Based on testing and source code analysis, this was finally confirmed to be the cause.

So I rewrote the code and changed it to manual ACK again (automatic ACK was just a quick way to solve the message backlog problem, but manual ack is more stable for reliable messages)


@Component
public class OperateHotAccountConsume {
    @Autowired
    private HotAccountService hotAccountService;
    @Autowired
    private OperateAccountRemote operateAccountRemote;

    @RabbitListener(bindings = @QueueBinding(
            value = @Queue(value = "acc_hot_account_queue", durable = "true", autoDelete = "false"),
            exchange = @Exchange(value = "acc_hot_account_exchange", type = ExchangeTypes.TOPIC),
            key = "acc_hot_account_route_key"), containerFactory = "batchQueueRabbitListenerContainerFactory")
    public void process(List<Message> messages, Channel channel) {
        log.info("OperateHotAccountConsume_process receive messages size:{}", messages.size());

        for (Message message : messages) {
            try {
                handMessage(message, channel);
            } catch (IOException e) {
                log.error("OperateHotAccountConsume_process channel communication exception", e);
            }
        }

    }

    private void handMessage(Message message, Channel channel) throws IOException {
        long deliveryTag = message.getMessageProperties().getDeliveryTag();
        String messageBody = new String(message.getBody());
        log.info("OperateHotAccountConsume_process record message,messageBody:{},deliverTag:{}", messageBody, deliveryTag);
        OperateAccountMsgReq operateAccountMsgReq = null;
        try {
            operateAccountMsgReq = JSON.parseObject(messageBody, OperateAccountMsgReq.class);
            log.info("OperateHotAccountConsume_process record message,operateAccountMsgReq:{}", operateAccountMsgReq);

            HotAccountOperateResultBO resultBO = hotAccountService.executeAsyncAccountOperate(operateAccountMsgReq);

            if (resultBO.isSuccess()) {
                channel.basicAck(deliveryTag, false);
                return;
            }

            if (!Boolean.TRUE.equals(resultBO.getRetry())) {
                log.warn("OperateHotAccountConsume_process result_fail_no_retry,operateAccountReq:{},result:{}", operateAccountMsgReq, resultBO);
                channel.basicAck(deliveryTag, false);
                return;
            }

            // 失败,重试
            log.error("OperateHotAccountConsume_process result_fail_retry,operateAccountReq:{},result:{}", operateAccountMsgReq, resultBO);
            operateAccountRemote.sendOperateAccountMsgDelay(operateAccountMsgReq);
            channel.basicAck(deliveryTag, false);

        } catch (Exception e) {
            log.error("OperateHotAccountConsume_process exception, retry,SendOperateAccountMsgReq:{}", operateAccountMsgReq, e);
            channel.basicNack(deliveryTag, false, true);
            return;
        }

    }

}
Copy the code

Once back online, the problem is resolved and the MQ and Buffer tables are no longer backlogged with messages.

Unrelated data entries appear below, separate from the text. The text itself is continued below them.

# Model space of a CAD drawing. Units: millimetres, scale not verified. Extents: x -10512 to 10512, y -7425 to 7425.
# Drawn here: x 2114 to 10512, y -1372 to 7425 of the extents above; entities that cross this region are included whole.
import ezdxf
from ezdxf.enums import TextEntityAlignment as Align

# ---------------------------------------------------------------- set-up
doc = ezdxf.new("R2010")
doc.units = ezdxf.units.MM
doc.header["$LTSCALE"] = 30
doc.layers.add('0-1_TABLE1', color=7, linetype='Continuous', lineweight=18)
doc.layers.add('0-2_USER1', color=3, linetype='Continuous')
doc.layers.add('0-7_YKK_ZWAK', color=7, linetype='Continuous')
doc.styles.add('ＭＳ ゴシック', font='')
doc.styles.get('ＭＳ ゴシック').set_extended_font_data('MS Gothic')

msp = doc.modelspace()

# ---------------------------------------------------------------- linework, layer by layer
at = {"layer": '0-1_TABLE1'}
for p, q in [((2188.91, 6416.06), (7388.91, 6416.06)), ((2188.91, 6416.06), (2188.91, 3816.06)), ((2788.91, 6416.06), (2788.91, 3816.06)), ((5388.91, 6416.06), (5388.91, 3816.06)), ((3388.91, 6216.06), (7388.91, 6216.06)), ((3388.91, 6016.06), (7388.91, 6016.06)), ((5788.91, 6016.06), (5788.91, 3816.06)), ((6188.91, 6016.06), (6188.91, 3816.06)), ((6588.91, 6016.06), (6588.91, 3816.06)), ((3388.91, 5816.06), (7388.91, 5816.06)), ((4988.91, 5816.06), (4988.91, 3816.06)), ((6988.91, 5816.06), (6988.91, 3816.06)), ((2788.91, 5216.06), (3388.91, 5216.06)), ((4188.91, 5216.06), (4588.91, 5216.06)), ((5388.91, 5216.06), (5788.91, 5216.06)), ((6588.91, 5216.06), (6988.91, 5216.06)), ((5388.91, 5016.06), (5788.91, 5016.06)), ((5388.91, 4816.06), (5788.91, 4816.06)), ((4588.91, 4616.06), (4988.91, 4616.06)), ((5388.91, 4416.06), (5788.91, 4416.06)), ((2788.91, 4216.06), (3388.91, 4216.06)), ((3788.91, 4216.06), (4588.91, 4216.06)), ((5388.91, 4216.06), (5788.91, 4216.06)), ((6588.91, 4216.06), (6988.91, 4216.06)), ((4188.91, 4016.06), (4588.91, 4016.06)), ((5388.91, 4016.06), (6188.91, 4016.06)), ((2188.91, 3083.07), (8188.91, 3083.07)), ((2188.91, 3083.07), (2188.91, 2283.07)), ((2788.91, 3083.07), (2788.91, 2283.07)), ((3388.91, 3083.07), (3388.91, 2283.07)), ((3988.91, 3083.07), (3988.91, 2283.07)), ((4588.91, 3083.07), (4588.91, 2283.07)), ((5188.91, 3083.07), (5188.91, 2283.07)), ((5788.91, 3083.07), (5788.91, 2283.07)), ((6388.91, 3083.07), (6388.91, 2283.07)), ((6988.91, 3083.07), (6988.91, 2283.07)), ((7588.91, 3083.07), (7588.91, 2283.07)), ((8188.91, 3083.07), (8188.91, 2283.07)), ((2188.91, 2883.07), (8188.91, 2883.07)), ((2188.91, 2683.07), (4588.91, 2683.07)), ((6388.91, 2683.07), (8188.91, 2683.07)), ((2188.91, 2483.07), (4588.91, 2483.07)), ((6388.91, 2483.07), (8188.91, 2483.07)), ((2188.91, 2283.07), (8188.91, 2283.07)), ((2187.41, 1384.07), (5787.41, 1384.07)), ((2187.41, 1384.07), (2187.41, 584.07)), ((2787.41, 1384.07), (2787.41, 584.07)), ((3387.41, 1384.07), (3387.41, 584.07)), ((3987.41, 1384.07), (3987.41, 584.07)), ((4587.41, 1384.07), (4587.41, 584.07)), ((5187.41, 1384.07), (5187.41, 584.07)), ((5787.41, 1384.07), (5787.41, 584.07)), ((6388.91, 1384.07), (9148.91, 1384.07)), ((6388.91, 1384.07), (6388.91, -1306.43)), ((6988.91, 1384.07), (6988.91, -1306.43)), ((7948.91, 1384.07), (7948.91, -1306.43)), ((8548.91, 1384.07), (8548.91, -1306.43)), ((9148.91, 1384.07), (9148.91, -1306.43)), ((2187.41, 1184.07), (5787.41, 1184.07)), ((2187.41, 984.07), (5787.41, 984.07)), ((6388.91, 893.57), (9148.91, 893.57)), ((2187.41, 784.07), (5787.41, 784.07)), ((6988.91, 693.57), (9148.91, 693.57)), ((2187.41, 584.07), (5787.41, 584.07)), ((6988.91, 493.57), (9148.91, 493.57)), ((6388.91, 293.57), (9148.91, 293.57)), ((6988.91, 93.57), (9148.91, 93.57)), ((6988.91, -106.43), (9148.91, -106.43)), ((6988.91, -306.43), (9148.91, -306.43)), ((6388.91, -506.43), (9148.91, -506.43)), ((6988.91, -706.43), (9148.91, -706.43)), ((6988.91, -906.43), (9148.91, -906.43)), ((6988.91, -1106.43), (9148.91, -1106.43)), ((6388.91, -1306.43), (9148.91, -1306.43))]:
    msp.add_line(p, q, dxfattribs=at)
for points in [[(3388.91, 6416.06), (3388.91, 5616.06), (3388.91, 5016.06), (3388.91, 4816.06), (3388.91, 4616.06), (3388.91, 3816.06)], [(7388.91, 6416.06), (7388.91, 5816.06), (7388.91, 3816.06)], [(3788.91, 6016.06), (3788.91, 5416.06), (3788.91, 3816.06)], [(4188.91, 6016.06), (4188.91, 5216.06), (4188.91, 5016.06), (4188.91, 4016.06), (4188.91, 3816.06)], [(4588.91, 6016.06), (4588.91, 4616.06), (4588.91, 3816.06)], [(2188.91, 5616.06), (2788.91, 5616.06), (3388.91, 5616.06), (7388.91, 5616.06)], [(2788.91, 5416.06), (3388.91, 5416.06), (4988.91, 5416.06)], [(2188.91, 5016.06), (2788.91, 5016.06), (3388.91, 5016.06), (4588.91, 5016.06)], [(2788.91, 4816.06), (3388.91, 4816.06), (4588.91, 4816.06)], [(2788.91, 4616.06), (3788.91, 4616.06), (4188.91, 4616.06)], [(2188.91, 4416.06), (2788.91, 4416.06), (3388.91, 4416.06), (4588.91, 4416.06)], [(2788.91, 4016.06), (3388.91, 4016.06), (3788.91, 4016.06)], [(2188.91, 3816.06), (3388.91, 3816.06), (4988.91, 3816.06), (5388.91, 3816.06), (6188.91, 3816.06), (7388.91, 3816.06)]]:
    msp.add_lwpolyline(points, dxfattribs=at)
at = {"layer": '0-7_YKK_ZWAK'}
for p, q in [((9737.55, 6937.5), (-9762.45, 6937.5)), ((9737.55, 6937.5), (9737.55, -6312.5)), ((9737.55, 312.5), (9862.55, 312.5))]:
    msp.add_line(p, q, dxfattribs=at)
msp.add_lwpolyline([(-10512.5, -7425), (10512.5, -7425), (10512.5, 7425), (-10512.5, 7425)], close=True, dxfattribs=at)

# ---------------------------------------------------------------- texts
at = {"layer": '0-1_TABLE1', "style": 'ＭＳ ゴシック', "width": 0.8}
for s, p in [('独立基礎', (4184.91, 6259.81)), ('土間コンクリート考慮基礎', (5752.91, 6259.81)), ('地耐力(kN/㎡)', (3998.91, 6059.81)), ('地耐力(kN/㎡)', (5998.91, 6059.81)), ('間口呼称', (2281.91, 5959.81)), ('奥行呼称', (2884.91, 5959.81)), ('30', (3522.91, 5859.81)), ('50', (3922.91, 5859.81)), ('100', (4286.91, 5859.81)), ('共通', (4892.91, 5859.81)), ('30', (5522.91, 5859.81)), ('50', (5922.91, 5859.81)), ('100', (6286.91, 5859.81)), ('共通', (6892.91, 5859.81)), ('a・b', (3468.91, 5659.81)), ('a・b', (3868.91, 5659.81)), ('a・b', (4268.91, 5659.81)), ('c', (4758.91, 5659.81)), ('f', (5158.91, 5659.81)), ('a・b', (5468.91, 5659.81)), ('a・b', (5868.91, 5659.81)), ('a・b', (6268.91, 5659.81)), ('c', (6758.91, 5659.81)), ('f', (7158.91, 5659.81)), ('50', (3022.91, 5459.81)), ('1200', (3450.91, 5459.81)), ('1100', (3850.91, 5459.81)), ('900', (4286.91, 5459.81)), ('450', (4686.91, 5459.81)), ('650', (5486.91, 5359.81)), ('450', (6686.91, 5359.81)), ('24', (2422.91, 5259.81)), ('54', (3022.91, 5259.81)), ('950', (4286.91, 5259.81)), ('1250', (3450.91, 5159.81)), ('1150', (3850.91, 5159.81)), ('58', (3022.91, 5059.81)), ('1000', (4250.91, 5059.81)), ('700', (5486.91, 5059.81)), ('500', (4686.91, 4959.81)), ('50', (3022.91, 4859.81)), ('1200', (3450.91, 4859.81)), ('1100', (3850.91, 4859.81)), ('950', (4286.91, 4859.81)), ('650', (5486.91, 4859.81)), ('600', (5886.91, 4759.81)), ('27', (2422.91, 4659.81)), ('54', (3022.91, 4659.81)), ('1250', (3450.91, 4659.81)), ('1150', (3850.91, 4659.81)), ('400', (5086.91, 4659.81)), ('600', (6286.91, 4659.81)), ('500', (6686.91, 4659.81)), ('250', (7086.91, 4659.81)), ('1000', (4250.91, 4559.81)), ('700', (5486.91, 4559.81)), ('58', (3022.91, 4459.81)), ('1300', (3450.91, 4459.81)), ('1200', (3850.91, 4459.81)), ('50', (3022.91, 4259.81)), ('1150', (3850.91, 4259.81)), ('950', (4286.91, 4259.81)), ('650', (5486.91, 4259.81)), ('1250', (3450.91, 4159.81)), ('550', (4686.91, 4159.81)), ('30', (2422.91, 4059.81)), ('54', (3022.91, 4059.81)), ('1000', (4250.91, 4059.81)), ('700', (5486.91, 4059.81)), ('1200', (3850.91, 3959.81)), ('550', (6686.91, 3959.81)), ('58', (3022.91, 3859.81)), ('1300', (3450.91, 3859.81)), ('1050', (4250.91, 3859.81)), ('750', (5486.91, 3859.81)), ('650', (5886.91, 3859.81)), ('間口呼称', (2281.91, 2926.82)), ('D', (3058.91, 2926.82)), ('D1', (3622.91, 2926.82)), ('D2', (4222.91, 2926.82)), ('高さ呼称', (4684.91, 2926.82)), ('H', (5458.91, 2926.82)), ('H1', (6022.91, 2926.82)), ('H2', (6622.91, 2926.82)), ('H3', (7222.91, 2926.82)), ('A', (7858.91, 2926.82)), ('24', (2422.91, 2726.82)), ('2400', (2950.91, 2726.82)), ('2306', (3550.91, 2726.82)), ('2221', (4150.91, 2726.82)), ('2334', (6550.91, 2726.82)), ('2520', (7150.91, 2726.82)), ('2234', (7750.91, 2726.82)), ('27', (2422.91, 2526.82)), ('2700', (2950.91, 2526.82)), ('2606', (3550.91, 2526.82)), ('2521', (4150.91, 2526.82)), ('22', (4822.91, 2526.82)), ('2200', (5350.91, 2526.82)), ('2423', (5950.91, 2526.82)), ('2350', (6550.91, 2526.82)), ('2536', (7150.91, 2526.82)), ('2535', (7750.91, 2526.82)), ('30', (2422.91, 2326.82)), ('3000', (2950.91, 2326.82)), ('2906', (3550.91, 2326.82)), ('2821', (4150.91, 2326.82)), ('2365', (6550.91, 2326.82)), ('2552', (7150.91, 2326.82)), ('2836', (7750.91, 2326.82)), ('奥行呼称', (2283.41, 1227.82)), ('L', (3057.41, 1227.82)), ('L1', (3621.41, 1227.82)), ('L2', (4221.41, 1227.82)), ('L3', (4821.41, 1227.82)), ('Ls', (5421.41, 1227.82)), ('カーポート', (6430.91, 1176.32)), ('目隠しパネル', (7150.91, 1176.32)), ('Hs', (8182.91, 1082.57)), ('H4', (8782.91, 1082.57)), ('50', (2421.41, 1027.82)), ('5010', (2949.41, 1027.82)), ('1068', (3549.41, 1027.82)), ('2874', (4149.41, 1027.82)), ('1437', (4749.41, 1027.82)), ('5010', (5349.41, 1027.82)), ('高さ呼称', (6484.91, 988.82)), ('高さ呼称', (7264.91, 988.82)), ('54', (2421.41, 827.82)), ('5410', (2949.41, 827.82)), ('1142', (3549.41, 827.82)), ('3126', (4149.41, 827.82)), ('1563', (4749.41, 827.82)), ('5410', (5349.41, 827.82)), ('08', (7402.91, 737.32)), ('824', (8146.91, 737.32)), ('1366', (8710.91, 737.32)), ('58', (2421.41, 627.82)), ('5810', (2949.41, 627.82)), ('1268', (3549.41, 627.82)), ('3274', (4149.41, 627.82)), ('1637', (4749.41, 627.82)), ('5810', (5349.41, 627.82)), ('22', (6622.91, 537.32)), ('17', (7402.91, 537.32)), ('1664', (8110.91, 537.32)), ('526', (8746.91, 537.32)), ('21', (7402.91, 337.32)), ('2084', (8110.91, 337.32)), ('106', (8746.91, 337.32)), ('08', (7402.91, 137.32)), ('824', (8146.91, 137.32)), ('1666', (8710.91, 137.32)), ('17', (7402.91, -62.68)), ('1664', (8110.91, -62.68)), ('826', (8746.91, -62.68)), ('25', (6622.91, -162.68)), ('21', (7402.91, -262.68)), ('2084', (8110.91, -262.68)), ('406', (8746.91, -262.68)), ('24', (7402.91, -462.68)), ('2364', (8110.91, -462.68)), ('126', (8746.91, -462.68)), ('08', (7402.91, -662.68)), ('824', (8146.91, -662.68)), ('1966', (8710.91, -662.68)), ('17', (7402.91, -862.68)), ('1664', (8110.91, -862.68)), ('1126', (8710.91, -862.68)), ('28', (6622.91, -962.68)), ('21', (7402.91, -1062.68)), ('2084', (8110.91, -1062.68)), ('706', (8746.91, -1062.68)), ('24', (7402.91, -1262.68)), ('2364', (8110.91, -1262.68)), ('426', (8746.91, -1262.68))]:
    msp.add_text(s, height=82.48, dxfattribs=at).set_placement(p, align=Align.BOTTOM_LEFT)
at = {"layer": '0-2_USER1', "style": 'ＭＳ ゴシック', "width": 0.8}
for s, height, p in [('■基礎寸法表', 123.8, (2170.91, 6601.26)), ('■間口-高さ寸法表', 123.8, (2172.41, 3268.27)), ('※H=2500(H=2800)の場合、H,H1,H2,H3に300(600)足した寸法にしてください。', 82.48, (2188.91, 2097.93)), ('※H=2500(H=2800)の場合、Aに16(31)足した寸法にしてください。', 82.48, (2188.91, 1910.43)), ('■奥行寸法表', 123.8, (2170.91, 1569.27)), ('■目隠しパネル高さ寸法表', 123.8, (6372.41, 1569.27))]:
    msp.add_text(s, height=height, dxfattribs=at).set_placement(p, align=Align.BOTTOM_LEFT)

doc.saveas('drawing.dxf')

3. The problem is rechecked

RabbitListener (@rabbitListener) contains a containerFactory configuration. The default configuration is used for message listening (single consumption, automatic ack). But after into batchQueueRabbitListenerContainerFactory, changed the message consumption patterns, caused a series of influence, so before the lesson is to modify the code must careful analysis scope (especially the configuration class, influence is big, not easy to find). Before modifying any configuration, find out what it does and what impact it may have. Careful, careful again!! The importance of source code. I also want to make fun of Spring, why the batch message, with a single object to receive the error, such misuse may directly lead to message loss.